Demikianlah, bila hari itu Haryo Puguhan kembali dari pengembaraannya maka ada dua kabar yang ia terima. Pertama yang didengarnya perihal ayahnya yang telah meninggal. Dan hal yang kedua ini begitu menyentakkan darah amarahnya ialah bahwa Galuh Warsih telah kimpoi dengan Haryo Panumping. Kedua suami istri itu bahkan sudah mempunyai seorang anak perempuan. Kehidupan mereka meski sederhana tapi bahagia dan kini Haryo Panumping sudah menjadi seorang demang di Pucang Kembar. Menggantikan mendiang ayahnya yang telah meninggal.

Jika Haryo Puguhan seorang manusia punya muka dan punya harga diri, sebenarnya mengetahui perkimpoian Galuh Warsih itu dia harus mundur dan bersikap legowo karena adalah memalukan sekali bila dia terus-terusan menginginkan Galuh Warsih. Sedangkan Galuh Warsih tidak mencintainya apalagi kini sudah bersuamikan kakaknya sendiri dan telah memiliki anak.

Tapi dasar Haryo Puguhan bukan manusia berpikiran jernih, berangasan, lekas kalap dan naik darah membabi buta, maka hari itu juga dikirimkan dua orang kepercayaannya ke kediaman Haryo Panumping. Tujuannya untuk membawa sepucuk surat tantangan perang tanding kepada Haryo Panumping.

Haryo Puguhan yang kini memakai nama Sosro Bahu bangkit dari kursinya ketika didengar suara gemuruh kaki-kaki kuda di halaman. Dia melangkah ke jendela dan memperhatikan kedatangan kedua orang anak buahnya. Jari-jari tangannya mencengkeram sanding jendela.

“Galuh Warsih harus aku dapatkan kembali….. harus dapat!” katanya dalam hati yang dikecamuk amarah itu.

“Kalau tidak…..,” Sosro Bahu tak meneruskan kata-katanya. Sebagai gantinya tangan kirinya bergerak memukul dinding jendela. Dan kayu sanding itu pecah berantakan!!

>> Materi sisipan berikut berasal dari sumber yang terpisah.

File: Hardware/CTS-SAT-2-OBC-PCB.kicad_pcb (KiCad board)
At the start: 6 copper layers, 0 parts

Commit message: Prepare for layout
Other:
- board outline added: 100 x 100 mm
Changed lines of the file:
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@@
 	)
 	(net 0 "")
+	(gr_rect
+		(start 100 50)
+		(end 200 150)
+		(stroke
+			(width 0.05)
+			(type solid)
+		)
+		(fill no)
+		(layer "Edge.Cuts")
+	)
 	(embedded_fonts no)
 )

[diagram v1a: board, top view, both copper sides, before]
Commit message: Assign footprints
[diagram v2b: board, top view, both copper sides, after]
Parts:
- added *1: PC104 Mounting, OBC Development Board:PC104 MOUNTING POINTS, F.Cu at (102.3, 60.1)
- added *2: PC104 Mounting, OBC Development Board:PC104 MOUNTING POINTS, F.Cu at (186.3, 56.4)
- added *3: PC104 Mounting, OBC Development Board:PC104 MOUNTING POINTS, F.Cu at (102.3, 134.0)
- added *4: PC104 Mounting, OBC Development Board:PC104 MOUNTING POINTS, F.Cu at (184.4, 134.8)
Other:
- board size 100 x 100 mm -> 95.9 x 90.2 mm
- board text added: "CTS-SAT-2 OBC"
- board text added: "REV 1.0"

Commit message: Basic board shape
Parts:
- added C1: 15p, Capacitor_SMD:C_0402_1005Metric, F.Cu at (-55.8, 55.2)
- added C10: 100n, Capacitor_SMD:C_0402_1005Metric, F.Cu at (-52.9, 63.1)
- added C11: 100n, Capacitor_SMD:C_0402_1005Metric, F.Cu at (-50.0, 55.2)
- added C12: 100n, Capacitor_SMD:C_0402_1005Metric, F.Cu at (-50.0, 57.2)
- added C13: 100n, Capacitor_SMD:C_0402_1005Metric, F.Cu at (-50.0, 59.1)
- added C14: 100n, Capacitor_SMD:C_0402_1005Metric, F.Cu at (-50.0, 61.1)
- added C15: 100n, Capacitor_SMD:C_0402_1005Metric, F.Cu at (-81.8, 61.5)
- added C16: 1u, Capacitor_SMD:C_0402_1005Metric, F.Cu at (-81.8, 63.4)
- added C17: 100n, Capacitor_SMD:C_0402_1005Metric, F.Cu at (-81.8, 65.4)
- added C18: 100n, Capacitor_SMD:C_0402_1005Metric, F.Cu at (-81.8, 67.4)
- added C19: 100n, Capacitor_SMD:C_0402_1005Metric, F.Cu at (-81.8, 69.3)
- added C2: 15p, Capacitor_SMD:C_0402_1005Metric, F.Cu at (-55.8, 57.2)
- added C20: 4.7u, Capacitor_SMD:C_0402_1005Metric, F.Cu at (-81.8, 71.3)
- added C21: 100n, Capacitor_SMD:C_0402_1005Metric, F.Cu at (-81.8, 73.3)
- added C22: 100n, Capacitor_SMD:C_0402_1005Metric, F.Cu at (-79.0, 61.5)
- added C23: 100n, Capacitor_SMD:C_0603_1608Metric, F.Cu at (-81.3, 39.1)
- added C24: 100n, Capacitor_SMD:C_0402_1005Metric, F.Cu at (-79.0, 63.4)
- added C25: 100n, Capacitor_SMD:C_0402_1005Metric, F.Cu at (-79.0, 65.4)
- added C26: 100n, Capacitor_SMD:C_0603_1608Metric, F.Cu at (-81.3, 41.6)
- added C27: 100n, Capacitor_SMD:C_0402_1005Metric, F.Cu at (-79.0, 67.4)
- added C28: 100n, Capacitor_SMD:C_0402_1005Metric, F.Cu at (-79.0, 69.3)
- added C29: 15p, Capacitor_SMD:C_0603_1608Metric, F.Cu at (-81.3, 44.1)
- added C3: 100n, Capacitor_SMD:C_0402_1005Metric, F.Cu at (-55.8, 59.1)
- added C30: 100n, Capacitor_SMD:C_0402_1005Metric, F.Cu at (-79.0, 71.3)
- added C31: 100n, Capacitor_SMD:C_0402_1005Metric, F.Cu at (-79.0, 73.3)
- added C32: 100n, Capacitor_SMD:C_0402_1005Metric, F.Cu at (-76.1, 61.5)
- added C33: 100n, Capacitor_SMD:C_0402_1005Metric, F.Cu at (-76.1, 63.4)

KEDUA TELINGA Haryo Puguhan alias Sosro Bahu yang tadi menangkap suara derap kaki kuda dan telah ia lihat memasuki pekarangan. Segera ia beranjak dan melangkah cepat ke pintu depan. Dan matanya yang tadi membuka lebar itu kini tampak membeliak. Setengah meloncat dia turun ke tanah.

“Ada apa dengan kalian?!” tanya Haryo Puguhan.

Pertanyaan ini hampir merupakan teriakan.

Kedua kuda itu berhenti. Penunggangnya, Sumpil dan Jaroto turun perlahan-lahan. Pakaian mereka kotor oleh darah dan debu. Muka keduanya pucat pasi. Melihat ini Haryo Puguhan segera maklum bahwa kedua anak buahnya itu mendapat luka dalam yang parah. Sumpil berdiri terbungkuk-bungkuk sambil mengurut dada. Pemandangannya masih berkunang-kunang. Jaroto begitu menginjakkan kedua kakinya di tanah segera tergelimpang, muntah darah lagi lalu pingsan!

“Sekarang!” kata Haryo Puguhan sangat tidak sabar dan sambil menggeprak meja, “terangkan apa yang terjadi Sumpill!”

Sumpill tarik nafas panjang. Diurutnya dadanya beberapa kali lalu mulailah dia memberi keterangan. Dan bila Haryo Puguhanselesai mendengar keterangan itu maka mendidih darah di kepalanya. Mukanya merah padam. Matanya yang memang sudah besar itu dalam keadaan melotot seperti mau tanggal dari rongganya!

“Sumpill! Siapkan kudaku! Lekas…!”

Sumpill tanpa banyak bicara tinggalkan tempat itu. Tak lama kemudian terlihat Haryo Puguhanmemacu kudanya seperti orang kesetanan. Kuda itu menderu laksana terbang. Debu mengepul, pasir berhamburan.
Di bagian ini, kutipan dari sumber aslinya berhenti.